Keywords: leukemia, occupational exposures, smoking, alcohol, radiation, Chornobyl

Gudzenko N.A.,a Zablotska L.B.,b Romanenko A.Ye.,a Hatch M.,c Bazyka D.A.,a Trotsyuk N. K.,a Babkina N.G.,a Mabuchi K.c

a Research Center for Radiation Medicine, Kyiv, Ukraine b Department of Epidemiology and Biostatistics, School of Medicine, University of California San Francisco, U.S.A. c Radiation Epidemiology Branch, Division of Cancer Epidemiology and Genetics, National Cancer Institute, National Institutes of Health, Department of Health and Human Services, Bethesda, Maryland, U.S.A.

More than 25 years have passed since the accident at the Chornobyl nuclear power plant in Ukraine. Large numbers of the general population were exposed to low doses of radiation, particularly in Belarus, the Russian Federation and Ukraine. Among them, a group of approximately 600,000 cleanup workers (about half of them from Ukraine) was exposed to potentially damaging amounts of ionizing radiation. We conducted a case-control study of leukemia occurring between 1986 and 2006 in a cohort of 110,645 Chornobyl cleanup workers from Ukraine. 137 cases of leukemia (including 79 chronic lymphocytic leukemia) were confirmed by the international panel of hematologists and pathologists and were matched to 863 controls on age at the time of interview and place of residence at the time of registration in the State Chornobyl Registry. We used a specially-designed questionnaire to collect information on lifestyle and demographic characteristics as well as information necessary for retrospective radiation dose reconstruction with the RADRUE method (detailed description of the period, type of cleanup activities and location in the Chornobyl exclusion zone).
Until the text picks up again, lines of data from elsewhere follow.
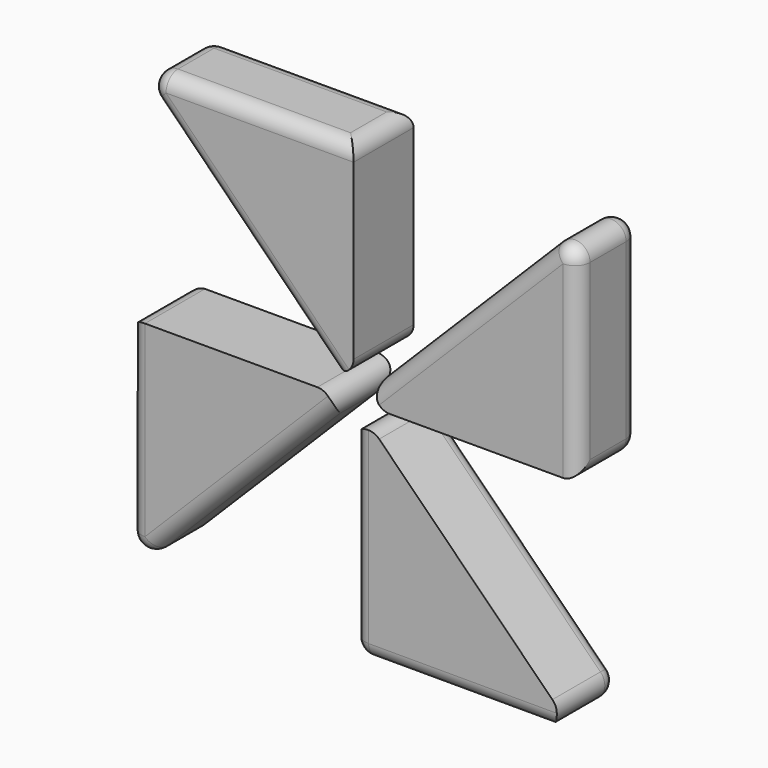
from build123d import *

# Parameters (mm, degrees)
F1_DEPTH = 25.4
F2_R     = 5.08
F2_2_R   = 5.08
F2_3_R   = 5.08
F2_4_R   = 5.08


with BuildPart() as f1:
    # F0 (on Front) → F1 (new body)
    with BuildSketch(Plane.XZ):
        Polygon((76.0156884789, -75.9169031134), (0, 0), (0, -75.8305569174), align=None)
    extrude(amount=F1_DEPTH)

    # F2
    f2_edges = [f1.edges().sort_by_distance(p)[0] for p in [
        (0, -12.7, -75.830557),
        (76.015688, -12.7, -75.916903),
        (38.007844, 0, -75.87373),
        (38.007844, -25.4, -75.87373),
        (0, 0, -37.915278),
        (0, -25.4, -37.915278),
        (38.007844, 0, -37.958452),
        (0, -12.7, 0),
    ]]
    fillet(f2_edges, radius=F2_R)


with BuildPart() as f1b:
    # F0 (on Front) → F1, piece 2 (new body)
    with BuildSketch(Plane.XZ):
        Polygon((-75.714327395, 76.114602387), (0, 0), (0, 76.114602387), align=None)
    extrude(amount=F1_DEPTH)

    # F2#2
    f2_2_edges = [f1b.edges().sort_by_distance(p)[0] for p in [
        (-75.714327, -12.7, 76.114602),
        (-37.857164, 0, 38.057301),
        (-37.857164, -25.4, 38.057301),
        (0, -12.7, 76.114602),
        (-37.857164, 0, 76.114602),
        (-37.857164, -25.4, 76.114602),
        (0, -12.7, 0),
    ]]
    fillet(f2_2_edges, radius=F2_2_R)


with BuildPart() as f1c:
    # F0 (on Front) → F1, piece 3 (new body)
    with BuildSketch(Plane.XZ):
        Polygon((76.0156884789, 76.114602387), (0, 0), (76.0156884789, 0), align=None)
    extrude(amount=F1_DEPTH)

    # F2#3
    f2_3_edges = [f1c.edges().sort_by_distance(p)[0] for p in [
        (76.015688, -12.7, 0),
        (76.015688, -12.7, 76.114602),
        (76.015688, 0, 38.057301),
        (76.015688, -25.4, 38.057301),
        (38.007844, 0, 0),
        (0, -12.7, 0),
        (38.007844, 0, 38.057301),
        (38.007844, -25.4, 38.057301),
    ]]
    fillet(f2_3_edges, radius=F2_3_R)


with BuildPart() as f1d:
    # F0 (on Front) → F1, piece 4 (new body)
    with BuildSketch(Plane.XZ):
        Polygon((-75.7320121376, -75.8305569174), (0, 0), (-75.714327395, 0), align=None)
    extrude(amount=F1_DEPTH)

    # F2#4
    f2_4_edges = [f1d.edges().sort_by_distance(p)[0] for p in [
        (0, -12.7, 0),
        (-75.732012, -12.7, -75.830557),
        (-37.866006, 0, -37.915278),
        (-37.866006, -25.4, -37.915278),
        (-75.714327, -12.7, 0),
        (-75.72317, 0, -37.915278),
        (-75.72317, -25.4, -37.915278),
    ]]
    fillet(f2_4_edges, radius=F2_4_R)


solid = Compound([f1.part, f1b.part, f1c.part, f1d.part])

Cases and controls did not differ by education, marital and urban/ rural status, but cases were more likely to have proxy interviews compared to controls (50.4% and 5.0%, respectively, p<0.001). After adjustment for radiation dose, cases and controls did not differ on the period of the first cleanup mission in the Chornobyl exclusion zone, type of work performed in the zone or a total number of missions to the zone (all p-values>0.50). There was an indication, however, that among participants with similar radiation doses cases were more likely to have spent 4-5 weeks in the zone (OR=2.24, 95% CI: 1.12-4.47, compared to less than 2 weeks in the zone, p=0.06). Relatively few subjects worked in hazardous industries, and there was no evidence of a measurable association between occupational exposures to chemicals and/or radiation due to employment in hazardous industries before or after the cleanup work at Chornobyl and risk of leukemia, after adjusting for radiation dose received during cleanup work. Smoking and alcohol consumption also were not independently associated with the risk of leukemia. Overall, in this study leukemia was not associated with any non-Chornobyl occupational exposures or lifestyle factors.